TASK DETAILS | Copy exactly, and only, the lines between the start of the entries below and the line containing "# Sketch2 → Boss-Extrude1 (new body)", both inclusive. Omit pictures.

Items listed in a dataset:
[Start of section]

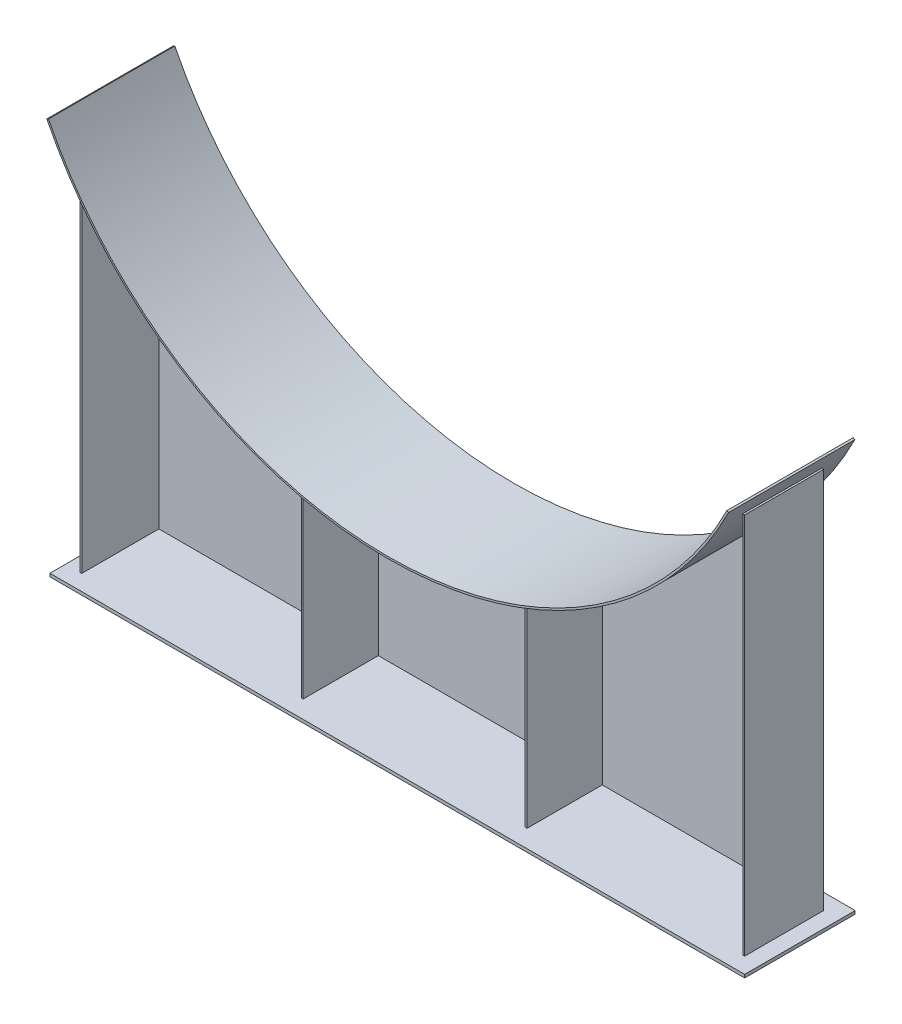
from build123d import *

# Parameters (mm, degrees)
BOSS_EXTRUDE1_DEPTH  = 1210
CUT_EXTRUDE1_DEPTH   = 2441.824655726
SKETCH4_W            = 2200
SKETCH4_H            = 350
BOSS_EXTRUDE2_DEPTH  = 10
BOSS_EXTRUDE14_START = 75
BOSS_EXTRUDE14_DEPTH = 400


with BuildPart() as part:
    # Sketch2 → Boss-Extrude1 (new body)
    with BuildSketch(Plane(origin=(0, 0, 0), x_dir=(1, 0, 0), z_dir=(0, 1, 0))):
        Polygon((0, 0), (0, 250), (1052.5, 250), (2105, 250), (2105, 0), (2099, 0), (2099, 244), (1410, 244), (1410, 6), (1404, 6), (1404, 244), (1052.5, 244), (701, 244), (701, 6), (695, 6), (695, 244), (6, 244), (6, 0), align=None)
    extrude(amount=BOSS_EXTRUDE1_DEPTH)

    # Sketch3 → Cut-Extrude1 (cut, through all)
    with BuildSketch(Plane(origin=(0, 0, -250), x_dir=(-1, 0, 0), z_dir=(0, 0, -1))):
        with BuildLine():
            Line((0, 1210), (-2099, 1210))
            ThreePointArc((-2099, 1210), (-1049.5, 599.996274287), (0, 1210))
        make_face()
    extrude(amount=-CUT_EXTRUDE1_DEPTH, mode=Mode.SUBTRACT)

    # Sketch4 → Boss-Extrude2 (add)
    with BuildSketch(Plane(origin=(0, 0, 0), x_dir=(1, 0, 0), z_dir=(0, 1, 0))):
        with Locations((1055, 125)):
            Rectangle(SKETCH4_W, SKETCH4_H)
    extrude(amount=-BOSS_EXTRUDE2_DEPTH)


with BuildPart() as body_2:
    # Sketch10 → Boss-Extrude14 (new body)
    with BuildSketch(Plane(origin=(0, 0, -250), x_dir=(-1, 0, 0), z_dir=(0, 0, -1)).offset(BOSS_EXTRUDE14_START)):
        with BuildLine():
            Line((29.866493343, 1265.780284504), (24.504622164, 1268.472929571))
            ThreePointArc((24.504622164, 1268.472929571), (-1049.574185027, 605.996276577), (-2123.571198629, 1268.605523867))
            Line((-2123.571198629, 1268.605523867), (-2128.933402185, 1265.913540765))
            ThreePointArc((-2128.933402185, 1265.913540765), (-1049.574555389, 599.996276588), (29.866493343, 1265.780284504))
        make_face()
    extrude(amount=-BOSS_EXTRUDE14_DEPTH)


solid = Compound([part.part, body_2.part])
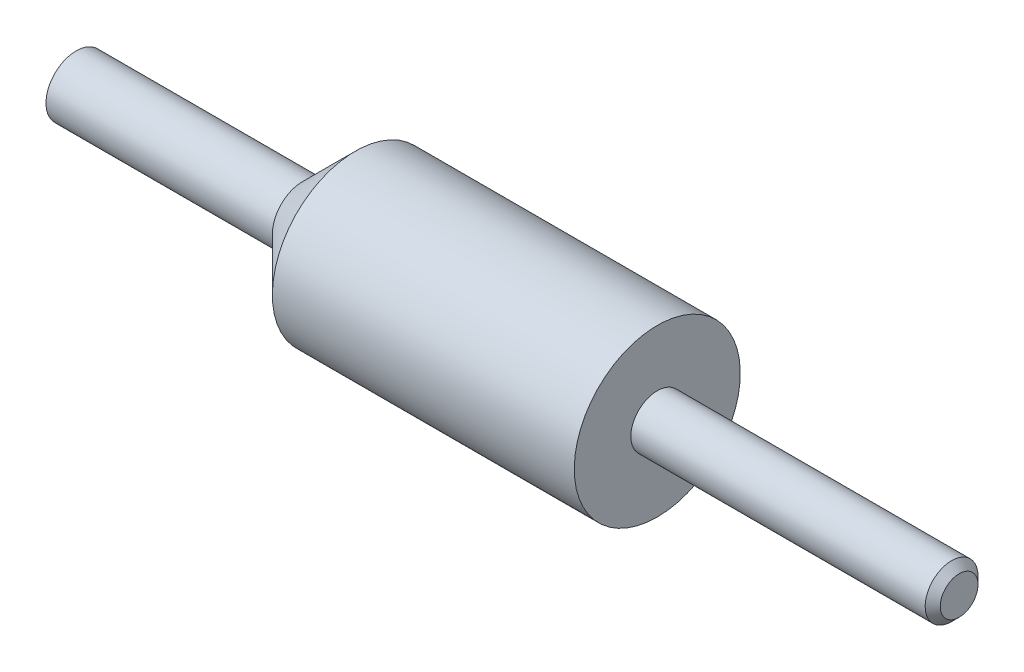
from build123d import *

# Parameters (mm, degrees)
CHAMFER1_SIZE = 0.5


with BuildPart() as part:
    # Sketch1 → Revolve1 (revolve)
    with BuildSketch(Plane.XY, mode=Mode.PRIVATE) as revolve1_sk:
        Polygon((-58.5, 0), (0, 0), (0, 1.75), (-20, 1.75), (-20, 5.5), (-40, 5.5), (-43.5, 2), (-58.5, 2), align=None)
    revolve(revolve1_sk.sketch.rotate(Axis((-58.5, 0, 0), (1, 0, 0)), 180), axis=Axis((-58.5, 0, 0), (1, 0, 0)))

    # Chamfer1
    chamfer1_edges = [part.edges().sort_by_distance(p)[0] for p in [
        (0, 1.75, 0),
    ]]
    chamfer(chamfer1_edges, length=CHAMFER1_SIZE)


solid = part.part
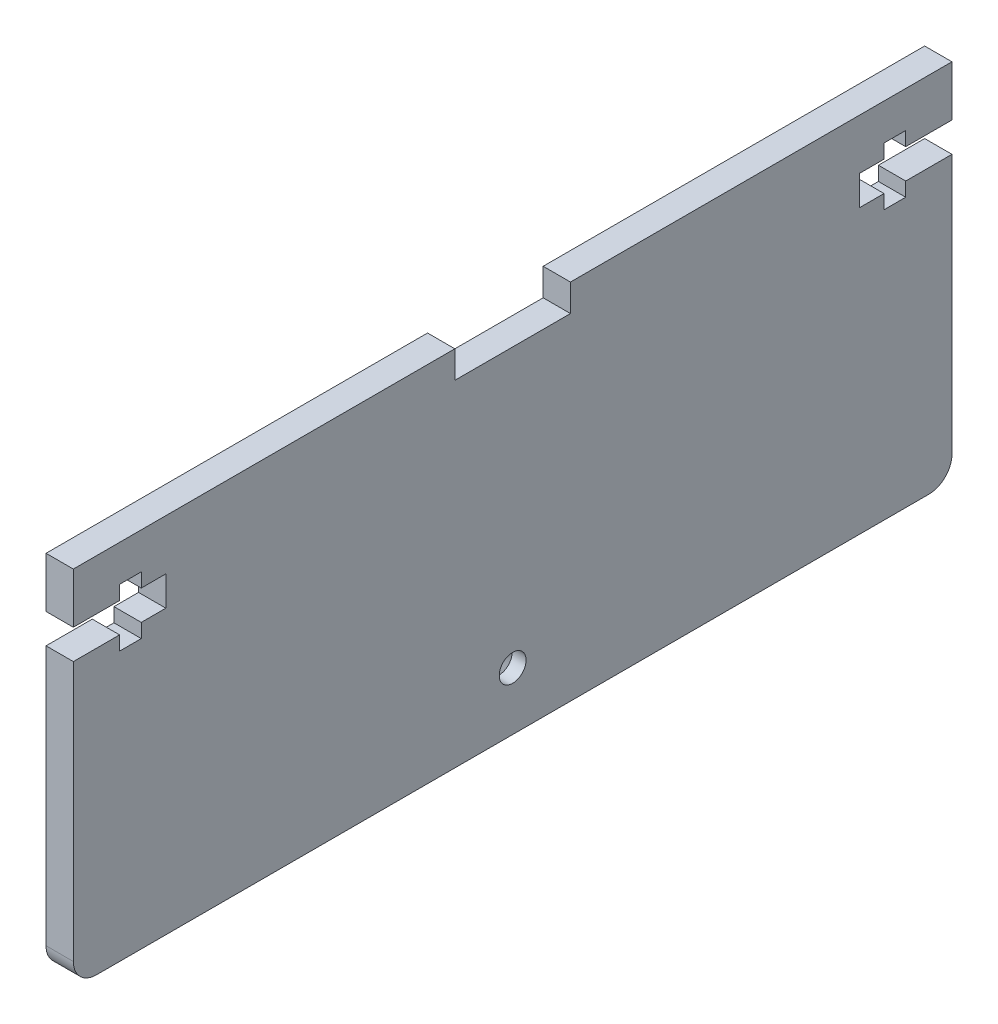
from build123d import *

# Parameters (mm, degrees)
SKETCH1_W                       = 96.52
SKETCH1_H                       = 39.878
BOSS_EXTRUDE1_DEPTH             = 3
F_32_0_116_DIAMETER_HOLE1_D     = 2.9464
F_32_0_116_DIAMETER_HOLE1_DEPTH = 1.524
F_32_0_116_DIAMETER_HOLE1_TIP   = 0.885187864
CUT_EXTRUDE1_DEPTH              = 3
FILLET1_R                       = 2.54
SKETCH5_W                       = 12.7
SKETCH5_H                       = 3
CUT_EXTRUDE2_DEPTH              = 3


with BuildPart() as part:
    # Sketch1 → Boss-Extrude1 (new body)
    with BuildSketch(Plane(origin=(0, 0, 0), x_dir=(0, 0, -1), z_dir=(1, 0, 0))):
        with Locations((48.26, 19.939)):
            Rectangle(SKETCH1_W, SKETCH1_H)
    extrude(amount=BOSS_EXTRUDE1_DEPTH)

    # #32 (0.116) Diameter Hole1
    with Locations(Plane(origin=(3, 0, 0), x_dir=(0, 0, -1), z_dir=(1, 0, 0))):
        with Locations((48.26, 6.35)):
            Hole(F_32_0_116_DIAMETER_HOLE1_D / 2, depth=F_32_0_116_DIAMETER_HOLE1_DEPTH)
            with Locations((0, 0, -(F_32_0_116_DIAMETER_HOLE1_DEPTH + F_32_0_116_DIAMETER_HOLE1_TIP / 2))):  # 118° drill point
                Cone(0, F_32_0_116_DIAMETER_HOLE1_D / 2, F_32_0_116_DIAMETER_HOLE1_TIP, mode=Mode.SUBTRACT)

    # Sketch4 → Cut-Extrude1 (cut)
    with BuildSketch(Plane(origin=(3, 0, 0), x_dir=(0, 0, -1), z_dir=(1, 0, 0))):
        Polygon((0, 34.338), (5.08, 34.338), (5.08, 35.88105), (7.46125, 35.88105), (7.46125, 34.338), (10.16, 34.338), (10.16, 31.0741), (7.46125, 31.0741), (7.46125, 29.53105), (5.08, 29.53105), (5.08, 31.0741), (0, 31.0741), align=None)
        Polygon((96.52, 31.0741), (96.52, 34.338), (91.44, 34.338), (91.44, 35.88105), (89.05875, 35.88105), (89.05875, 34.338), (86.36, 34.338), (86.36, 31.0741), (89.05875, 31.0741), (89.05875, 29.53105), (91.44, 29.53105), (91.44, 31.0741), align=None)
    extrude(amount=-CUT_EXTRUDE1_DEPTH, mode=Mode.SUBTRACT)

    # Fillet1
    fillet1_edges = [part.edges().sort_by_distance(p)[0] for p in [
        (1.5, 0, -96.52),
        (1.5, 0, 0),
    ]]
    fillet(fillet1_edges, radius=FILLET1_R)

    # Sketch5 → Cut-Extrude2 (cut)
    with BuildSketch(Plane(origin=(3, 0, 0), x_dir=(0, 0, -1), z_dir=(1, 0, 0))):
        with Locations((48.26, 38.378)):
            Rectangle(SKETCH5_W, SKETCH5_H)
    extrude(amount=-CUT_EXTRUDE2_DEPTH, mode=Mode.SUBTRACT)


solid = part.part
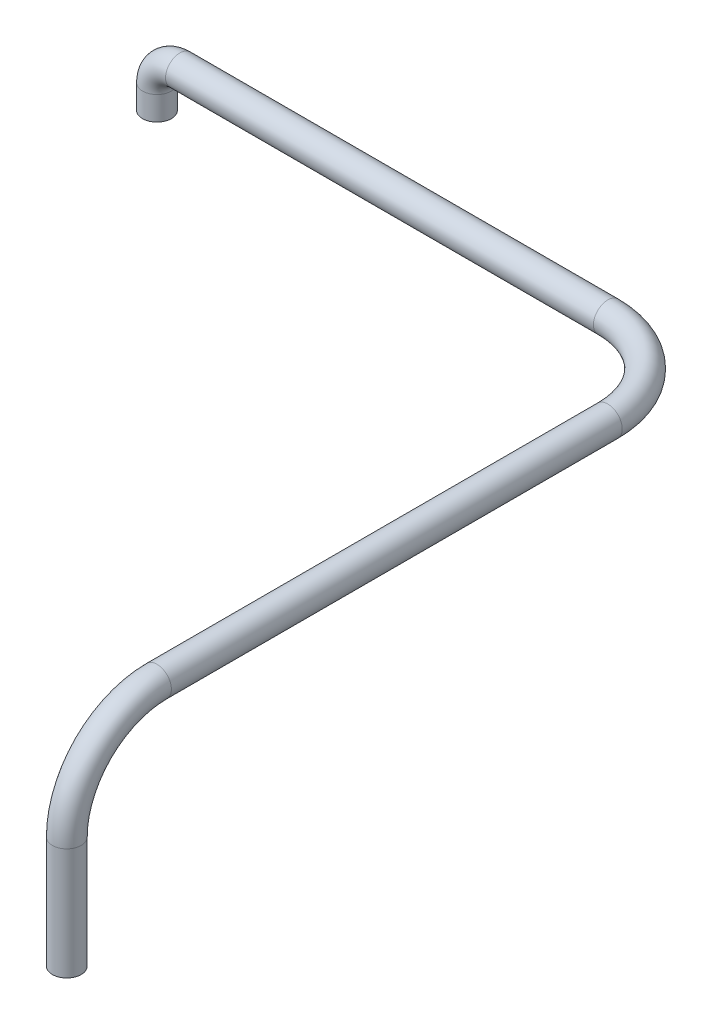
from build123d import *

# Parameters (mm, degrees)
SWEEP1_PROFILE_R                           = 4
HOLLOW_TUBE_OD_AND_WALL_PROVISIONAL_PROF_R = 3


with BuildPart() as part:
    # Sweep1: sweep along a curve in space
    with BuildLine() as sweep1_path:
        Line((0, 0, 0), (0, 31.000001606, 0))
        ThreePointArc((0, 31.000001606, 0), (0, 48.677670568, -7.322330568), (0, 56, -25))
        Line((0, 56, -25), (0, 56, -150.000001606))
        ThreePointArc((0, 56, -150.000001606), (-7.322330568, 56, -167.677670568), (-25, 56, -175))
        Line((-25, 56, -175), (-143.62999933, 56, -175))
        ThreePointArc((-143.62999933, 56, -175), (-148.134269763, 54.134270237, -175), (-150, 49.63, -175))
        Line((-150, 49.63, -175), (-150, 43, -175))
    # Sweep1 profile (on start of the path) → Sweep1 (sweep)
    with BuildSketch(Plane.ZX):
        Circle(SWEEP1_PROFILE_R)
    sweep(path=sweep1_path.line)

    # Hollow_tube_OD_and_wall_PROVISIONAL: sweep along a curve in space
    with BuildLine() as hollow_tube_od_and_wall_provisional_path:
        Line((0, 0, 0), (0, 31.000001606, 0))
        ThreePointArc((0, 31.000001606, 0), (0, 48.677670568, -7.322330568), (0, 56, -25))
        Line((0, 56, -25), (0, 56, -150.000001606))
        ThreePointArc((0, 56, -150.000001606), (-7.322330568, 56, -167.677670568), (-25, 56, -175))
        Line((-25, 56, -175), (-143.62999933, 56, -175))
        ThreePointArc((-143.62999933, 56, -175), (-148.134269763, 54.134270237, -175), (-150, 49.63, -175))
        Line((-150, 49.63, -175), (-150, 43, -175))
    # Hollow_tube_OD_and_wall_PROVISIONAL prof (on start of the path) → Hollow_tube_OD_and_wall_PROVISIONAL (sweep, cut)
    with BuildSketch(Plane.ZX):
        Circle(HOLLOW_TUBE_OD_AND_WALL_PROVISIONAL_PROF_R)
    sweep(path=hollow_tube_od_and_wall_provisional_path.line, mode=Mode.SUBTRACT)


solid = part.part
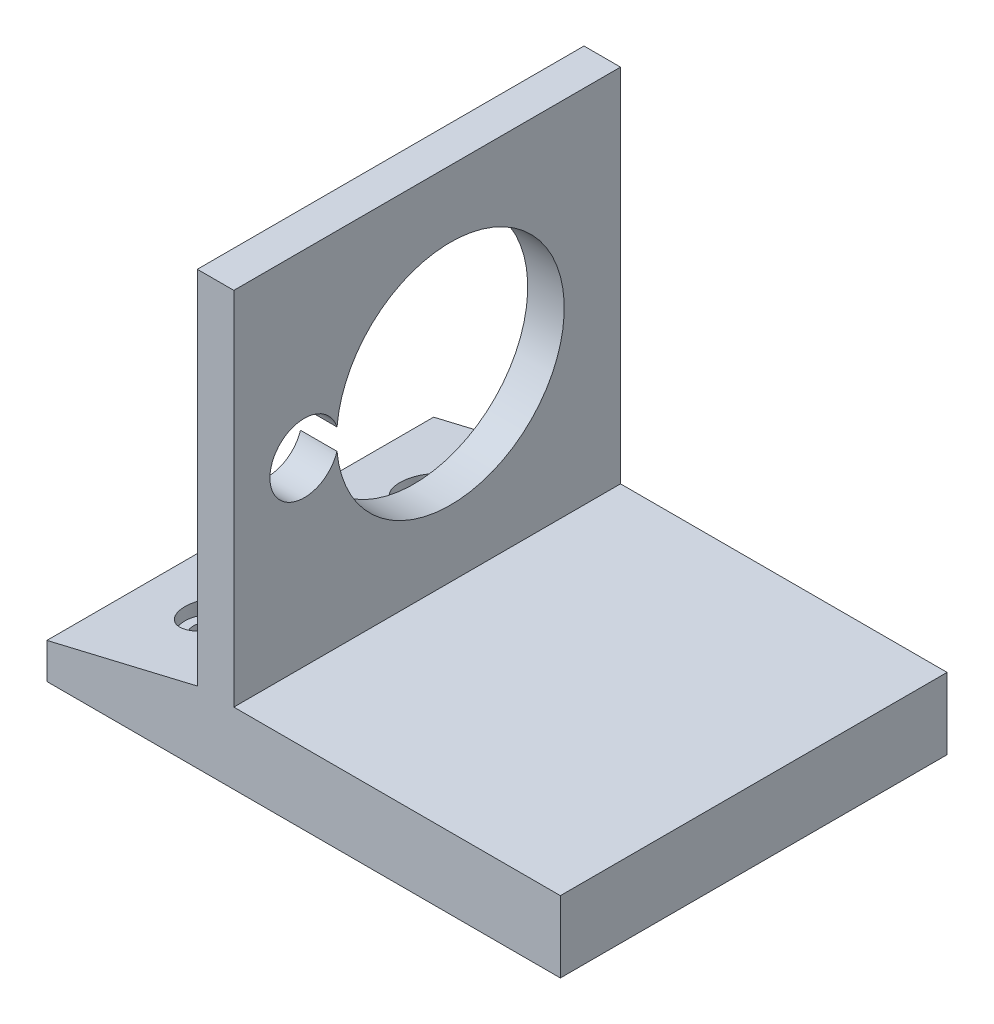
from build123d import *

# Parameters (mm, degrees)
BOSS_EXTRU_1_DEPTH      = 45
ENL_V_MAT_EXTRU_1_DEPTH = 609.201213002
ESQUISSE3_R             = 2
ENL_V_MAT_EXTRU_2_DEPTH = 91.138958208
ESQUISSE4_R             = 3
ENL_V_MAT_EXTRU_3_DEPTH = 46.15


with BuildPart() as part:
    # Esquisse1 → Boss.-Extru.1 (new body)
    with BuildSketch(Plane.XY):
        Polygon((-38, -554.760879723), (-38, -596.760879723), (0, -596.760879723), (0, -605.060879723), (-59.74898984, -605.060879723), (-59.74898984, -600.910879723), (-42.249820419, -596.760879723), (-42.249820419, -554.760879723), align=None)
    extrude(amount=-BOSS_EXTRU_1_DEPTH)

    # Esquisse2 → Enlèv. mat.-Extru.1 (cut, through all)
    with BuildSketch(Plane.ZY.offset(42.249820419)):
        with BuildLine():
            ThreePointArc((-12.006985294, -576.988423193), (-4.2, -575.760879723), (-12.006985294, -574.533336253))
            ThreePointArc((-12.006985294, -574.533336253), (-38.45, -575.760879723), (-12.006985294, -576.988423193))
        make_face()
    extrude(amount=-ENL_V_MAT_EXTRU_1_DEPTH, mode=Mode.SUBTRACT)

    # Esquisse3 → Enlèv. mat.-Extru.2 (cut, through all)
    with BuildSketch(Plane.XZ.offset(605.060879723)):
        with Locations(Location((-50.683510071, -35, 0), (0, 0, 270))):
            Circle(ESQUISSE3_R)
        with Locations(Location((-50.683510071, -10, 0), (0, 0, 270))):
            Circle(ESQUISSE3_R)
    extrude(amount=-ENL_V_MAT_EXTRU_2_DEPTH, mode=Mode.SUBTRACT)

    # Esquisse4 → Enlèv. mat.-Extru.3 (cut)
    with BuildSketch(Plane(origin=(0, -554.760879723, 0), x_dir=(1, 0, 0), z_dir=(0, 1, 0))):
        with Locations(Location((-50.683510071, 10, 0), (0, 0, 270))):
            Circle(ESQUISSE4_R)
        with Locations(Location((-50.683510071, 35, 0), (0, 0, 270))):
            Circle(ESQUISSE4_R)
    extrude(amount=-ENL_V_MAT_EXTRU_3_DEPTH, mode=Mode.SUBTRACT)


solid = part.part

[End of section]

WRITTEN RESPONSE |
from build123d import *

# Parameters (mm, degrees)
BOSS_EXTRUDE1_DEPTH  = 1210
CUT_EXTRUDE1_DEPTH   = 2441.824655726
SKETCH4_W            = 2200
SKETCH4_H            = 350
BOSS_EXTRUDE2_DEPTH  = 10
BOSS_EXTRUDE14_START = 75
BOSS_EXTRUDE14_DEPTH = 400


with BuildPart() as part:
    # Sketch2 → Boss-Extrude1 (new body)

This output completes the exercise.